Trying to repeal Obamacare has long been a popular (if futile) Republican pastime. Now replacing Obamacare is catching on, at least among Republican presidential candidates. This would count as progress, except that none of their proposals quite meets the definition of "replacement."

The whole point of health-care reform is, or should be, relatively straightforward: providing the best possible health insurance to the largest possible number of people at the lowest possible cost. How do the candidates' various proposals fare under these criteria?

Under Wisconsin Governor Scott Walker's plan, released Tuesday, 6 million more people reportedly would have private health insurance than under Obamacare. How many would lose government-sponsored coverage, however, is left for voters to guess.

Senator Marco Rubio's outline, also unveiled last week, doesn't mention the effect on insurance levels at all. But it's unclear how any plan that rolls back the expansion of Medicaid, as both plans do, could insure as many people as Obamacare does through other means.

It also seems likely that the quality of that insurance, measured in the breadth of services covered and the share of costs borne by beneficiaries, would be lower, considering that Rubio and Walker would, among other things, lift Obamacare's provisions for essential benefits.

Universal health insurance isn't achieved by giving more people access to insurance plans that don't cover their basic medical needs at an out-of-pocket cost they can afford to pay. There are certainly ways to streamline and improve insurance-market regulations. But operating without any rules is no solution. Nor is leaving coverage requirements to the states and hoping for the best.

As for the other candidates, Louisiana Governor Bobby Jindal has a plan that includes replacing the tax exclusion for employer-sponsored plans with a standard tax deduction, but that is unlikely to maintain Obamacare levels of coverage.

Ohio Governor John Kasich says everyone should have health insurance, and he supports the expansion of Medicaid, but he says he doesn't like mandates.

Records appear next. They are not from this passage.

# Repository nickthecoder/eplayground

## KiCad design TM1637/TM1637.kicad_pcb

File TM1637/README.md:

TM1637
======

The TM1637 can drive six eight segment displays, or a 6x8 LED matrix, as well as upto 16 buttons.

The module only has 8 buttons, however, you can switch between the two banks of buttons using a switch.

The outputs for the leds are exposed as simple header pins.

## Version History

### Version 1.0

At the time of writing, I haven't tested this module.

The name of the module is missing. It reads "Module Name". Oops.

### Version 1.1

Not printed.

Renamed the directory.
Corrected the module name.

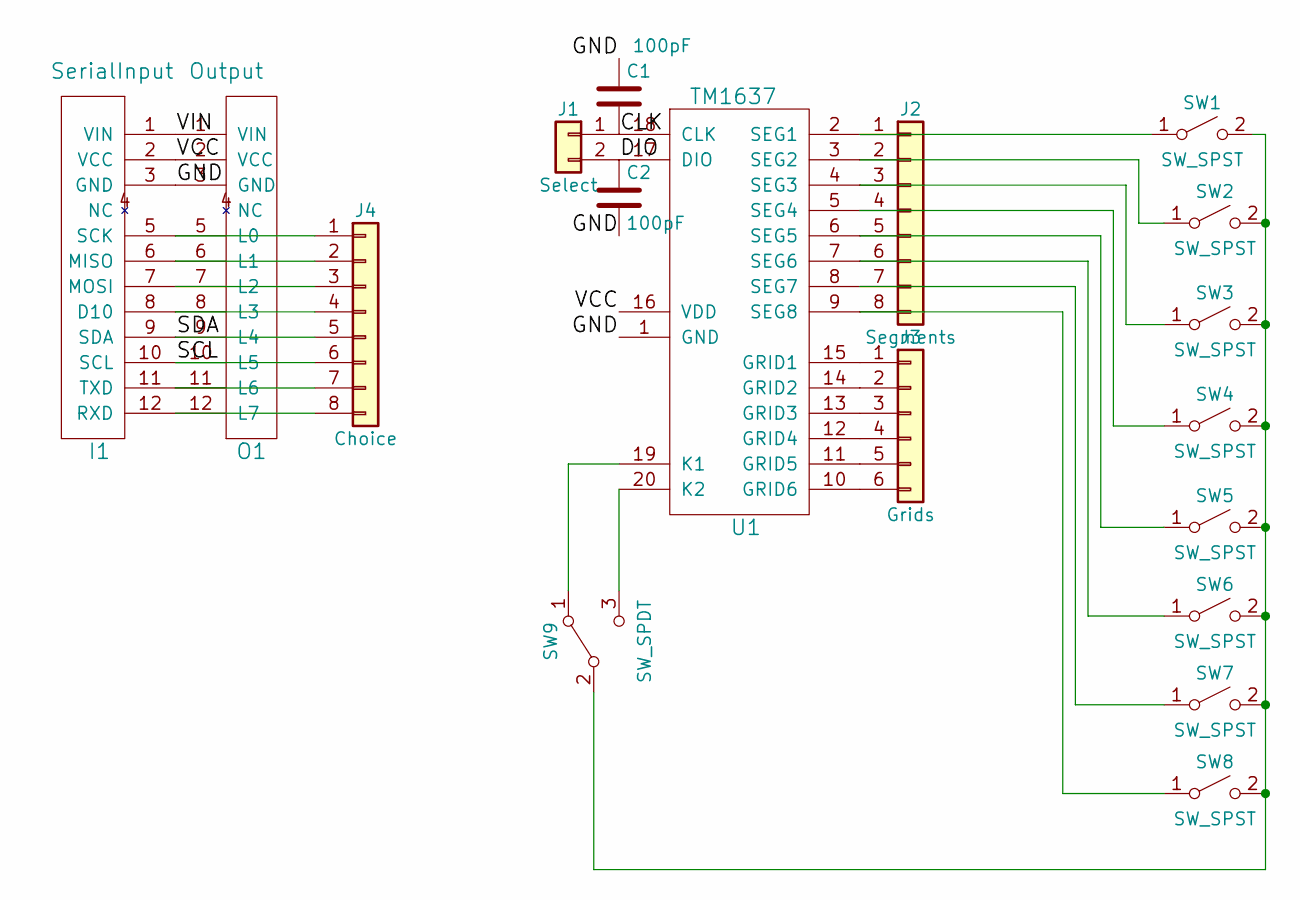
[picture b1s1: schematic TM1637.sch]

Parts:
C1, C2: 100pF; C_Disc_D3.0mm_W1.6mm_P2.50mm
I1: SerialInput; Pin_Header_Straight_1x12_Pitch2.54mm
J1: Select; Pin_Header_Straight_1x02_Pitch2.54mm
J2: Segments; Pin_Header_Straight_1x08_Pitch2.54mm
J3: Grids; Pin_Header_Straight_1x06_Pitch2.54mm
J4: Choice; Pin_Header_Straight_1x08_Pitch2.54mm
O1: Output; Socket_Strip_Straight_1x12_Pitch2.54mm
SW1, SW2, SW3, SW4, SW5, SW6, SW7, SW8: SW_SPST; SW_SPST_EVQP0
SW9: SW_SPDT; SW_CuK_JS202011CQN_DPDT_Straight
U1: TM1637; DIP-20_W7.62mm

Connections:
/CLK: C1.2, J1.1, U1.18 (CLK)
/DIO: C2.1, J1.2, U1.17 (DIO)
/GND: C1.1, C2.2, I1.3 (GND), O1.3 (GND), U1.1 (GND)
/SCL: I1.10 (SCL), J4.6, O1.10 (L5)
/SDA: I1.9 (SDA), J4.5, O1.9 (L4)
/VCC: I1.2 (VCC), O1.2 (VCC), U1.16 (VDD)
/VIN: I1.1 (VIN), O1.1 (VIN)
unnamed: I1.5 (SCK), J4.1, O1.5 (L0)
unnamed: I1.6 (MISO), J4.2, O1.6 (L1)
unnamed: I1.7 (MOSI), J4.3, O1.7 (L2)
unnamed: I1.8 (D10), J4.4, O1.8 (L3)
unnamed: I1.11 (TXD), J4.7, O1.11 (L6)
unnamed: I1.12 (RXD), J4.8, O1.12 (L7)
unnamed: J2.1, SW1.1 (A), U1.2 (SEG1)
unnamed: J2.2, SW2.1 (A), U1.3 (SEG2)
unnamed: J2.3, SW3.1 (A), U1.4 (SEG3)
unnamed: J2.4, SW4.1 (A), U1.5 (SEG4)
unnamed: J2.5, SW5.1 (A), U1.6 (SEG5)
unnamed: J2.6, SW6.1 (A), U1.7 (SEG6)
unnamed: J2.7, SW7.1 (A), U1.8 (SEG7)
unnamed: J2.8, SW8.1 (A), U1.9 (SEG8)
unnamed: J3.1, U1.15 (GRID1)
unnamed: J3.2, U1.14 (GRID2)
unnamed: J3.3, U1.13 (GRID3)
unnamed: J3.4, U1.12 (GRID4)
unnamed: J3.5, U1.11 (GRID5)
unnamed: J3.6, U1.10 (GRID6)
unnamed: SW1.2 (B), SW2.2 (B), SW3.2 (B), SW4.2 (B), SW5.2 (B), SW6.2 (B), SW7.2 (B), SW8.2 (B), SW9.2 (B)
unnamed: SW9.1 (A), U1.19 (K1)
unnamed: SW9.3 (C), U1.20 (K2)

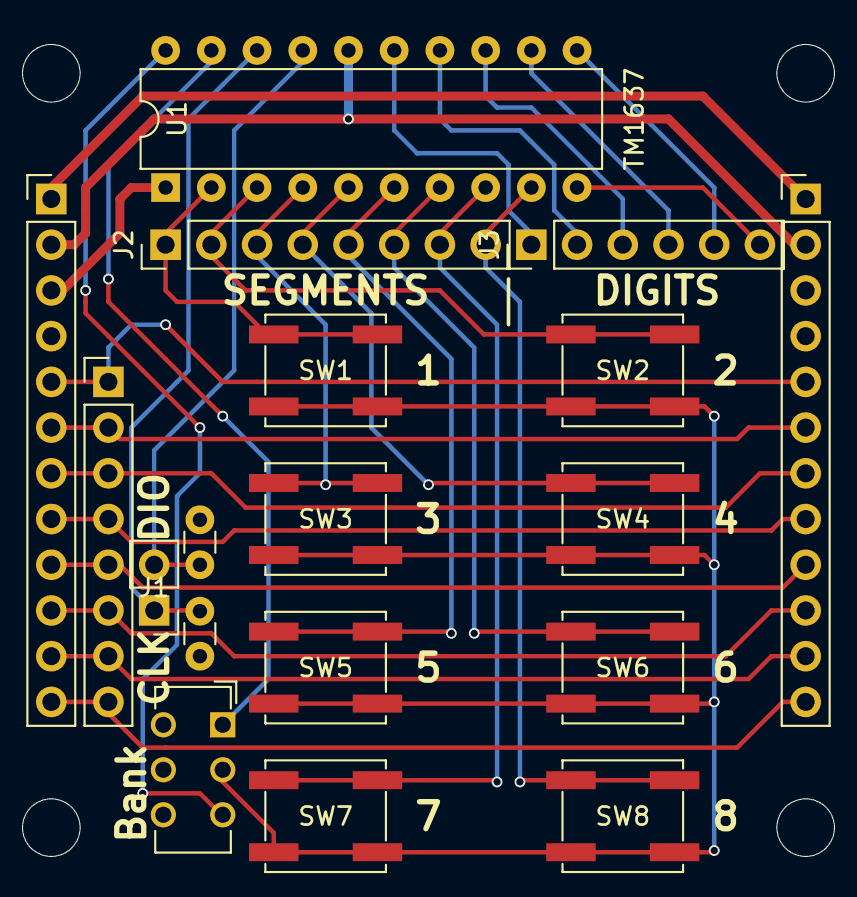
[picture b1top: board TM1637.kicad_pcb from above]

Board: 2 copper layers, 20 parts (0 on the bottom side), 30 nets.

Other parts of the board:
M3, M3#2: MountingHole_3.2mm_M3

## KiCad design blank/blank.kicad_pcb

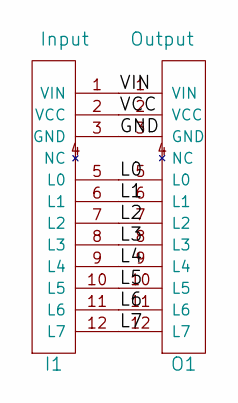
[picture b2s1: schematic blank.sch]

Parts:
I1: Input; Pin_Header_Straight_1x12_Pitch2.54mm
O1: Output; Socket_Strip_Straight_1x12_Pitch2.54mm

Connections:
/GND: I1.3 (GND), O1.3 (GND)
/L0: I1.5 (L0), O1.5 (L0)
/L1: I1.6 (L1), O1.6 (L1)
/L2: I1.7 (L2), O1.7 (L2)
/L3: I1.8 (L3), O1.8 (L3)
/L4: I1.9 (L4), O1.9 (L4)
/L5: I1.10 (L5), O1.10 (L5)
/L6: I1.11 (L6), O1.11 (L6)
/L7: I1.12 (L7), O1.12 (L7)
/VCC: I1.2 (VCC), O1.2 (VCC)
/VIN: I1.1 (VIN), O1.1 (VIN)

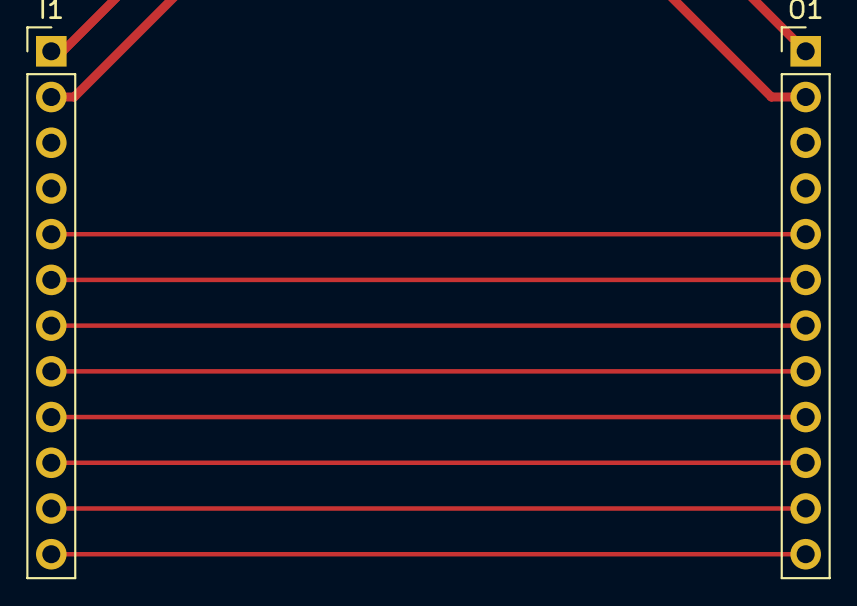
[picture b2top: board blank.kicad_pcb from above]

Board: 2 copper layers, 4 parts (0 on the bottom side), 11 nets.

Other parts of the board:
M3, M3#2: MountingHole_3.2mm_M3

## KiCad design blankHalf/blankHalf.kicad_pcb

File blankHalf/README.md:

I used this as a template for half-sized boards.
To keep costs low, I combine two half sized boards into one design, and have both printed
as if it were one board.

I have a router, which I can do my own V cuts, but its also easy to cut the boards using a sharp knife,
a little patience and brute force to snap them in two.

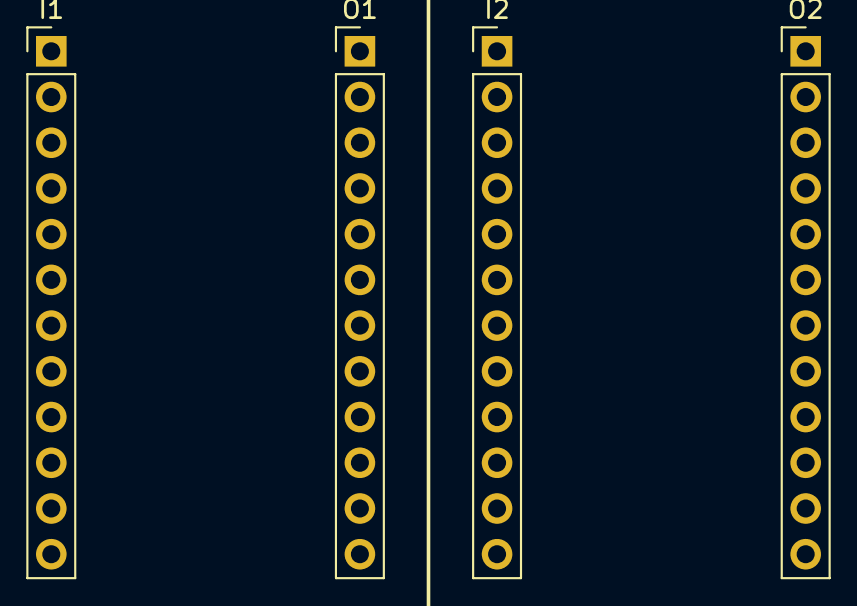
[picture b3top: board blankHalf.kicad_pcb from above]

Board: 2 copper layers, 6 parts (0 on the bottom side), 22 nets, no tracks yet.

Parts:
I1, I2: Input; Pin_Header_Straight_1x12_Pitch2.54mm
M3, M3#2: MountingHole_3.2mm_M3
O1, O2: Output; Socket_Strip_Straight_1x12_Pitch2.54mm

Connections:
/D0: I2.5, O2.5
/D1: I2.6, O2.6
/D2: I2.7, O2.7
/D3: I2.8, O2.8
/D4: I2.9, O2.9
/D5: I2.10, O2.10
/D6: I2.11, O2.11
/D7: I2.12, O2.12
/GND: I1.3, O1.3
/GND2: I2.3, O2.3
/L0: I1.5, O1.5
/L1: I1.6, O1.6
/L2: I1.7, O1.7
/L3: I1.8, O1.8
/L4: I1.9, O1.9
/L5: I1.10, O1.10
/L6: I1.11, O1.11
/L7: I1.12, O1.12
/VCC: I1.2, O1.2
/VCC2: I2.2, O2.2
/VIN: I1.1, O1.1
/VIN2: I2.1, O2.1

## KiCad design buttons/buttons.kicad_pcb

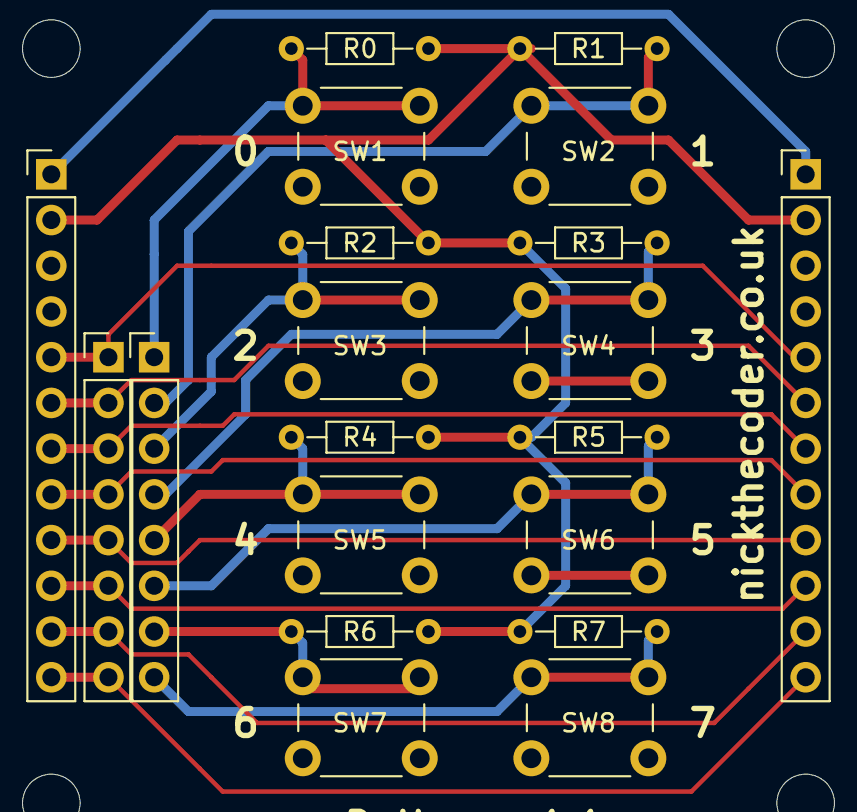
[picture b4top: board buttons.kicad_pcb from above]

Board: 2 copper layers, 22 parts (0 on the bottom side), 19 nets.

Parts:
H1: Choice; Pin_Header_Straight_1x08_Pitch2.54mm
H2: Select; Pin_Header_Straight_1x08_Pitch2.54mm
I1: Input; Pin_Header_Straight_1x12_Pitch2.54mm
M3, M3#2: MountingHole_3.2mm_M3
O1: Output; Pin_Header_Straight_1x12_Pitch2.54mm
R0, R1, R2, R3, R4, R5, R6, R7: 1K; R_Axial_DIN0204_L3.6mm_D1.6mm_P7.62mm_Horizontal
SW1, SW2, SW3, SW4, SW5, SW6, SW7, SW8: SW_Push; SW_PUSH_6mm

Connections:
/L0: H1.1, I1.5, O1.5
/L1: H1.2, I1.6, O1.6
/L2: H1.3, I1.7, O1.7
/L3: H1.4, I1.8, O1.8
/L4: H1.5, I1.9, O1.9
/L5: H1.6, I1.10, O1.10
/L6: H1.7, I1.11, O1.11
/L7: H1.8, I1.12, O1.12
/VCC: I1.2, O1.2, R0.1, R1.1, R2.1, R3.1, R4.1, R5.1, R6.1, R7.1
/VIN: I1.1, O1.1
Earth: I1.3, O1.3, SW1.2, SW2.2, SW3.2, SW4.2, SW5.2, SW6.2, SW7.2, SW8.2
unnamed: H2.1, R0.2, SW1.1
unnamed: H2.2, R1.2, SW2.1
unnamed: H2.3, R2.2, SW3.1
unnamed: H2.4, R3.2, SW4.1
unnamed: H2.5, R4.2, SW5.1
unnamed: H2.6, R5.2, SW6.1
unnamed: H2.7, R6.2, SW7.1
unnamed: H2.8, R7.2, SW8.1

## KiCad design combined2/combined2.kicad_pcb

Donald Trump says he would replace Obamacare with "something terrific," and it would involve hospitals.

Finally, there's the question of cost. The Congressional Budget Office has repeatedly said that repealing Obamacare would add to the deficit, because the law's tax increases and cuts in Medicare raise or save more money than its new benefits cost. So to qualify as an improvement, any alternative proposal needs to reduce the deficit more than Obamacare does (about $137 billion over 10 years), while still covering the same number of people.

There's nothing precious about Obamacare. It's a massive, complicated and typographically challenged piece of legislation, whose shortcomings are significant and which requires more work. If a presidential candidate from either party can devise a better way to provide the same level of coverage to the same number of Americans at equal or lower cost, in a package that is likely to pass Congress and survive court challenges, great.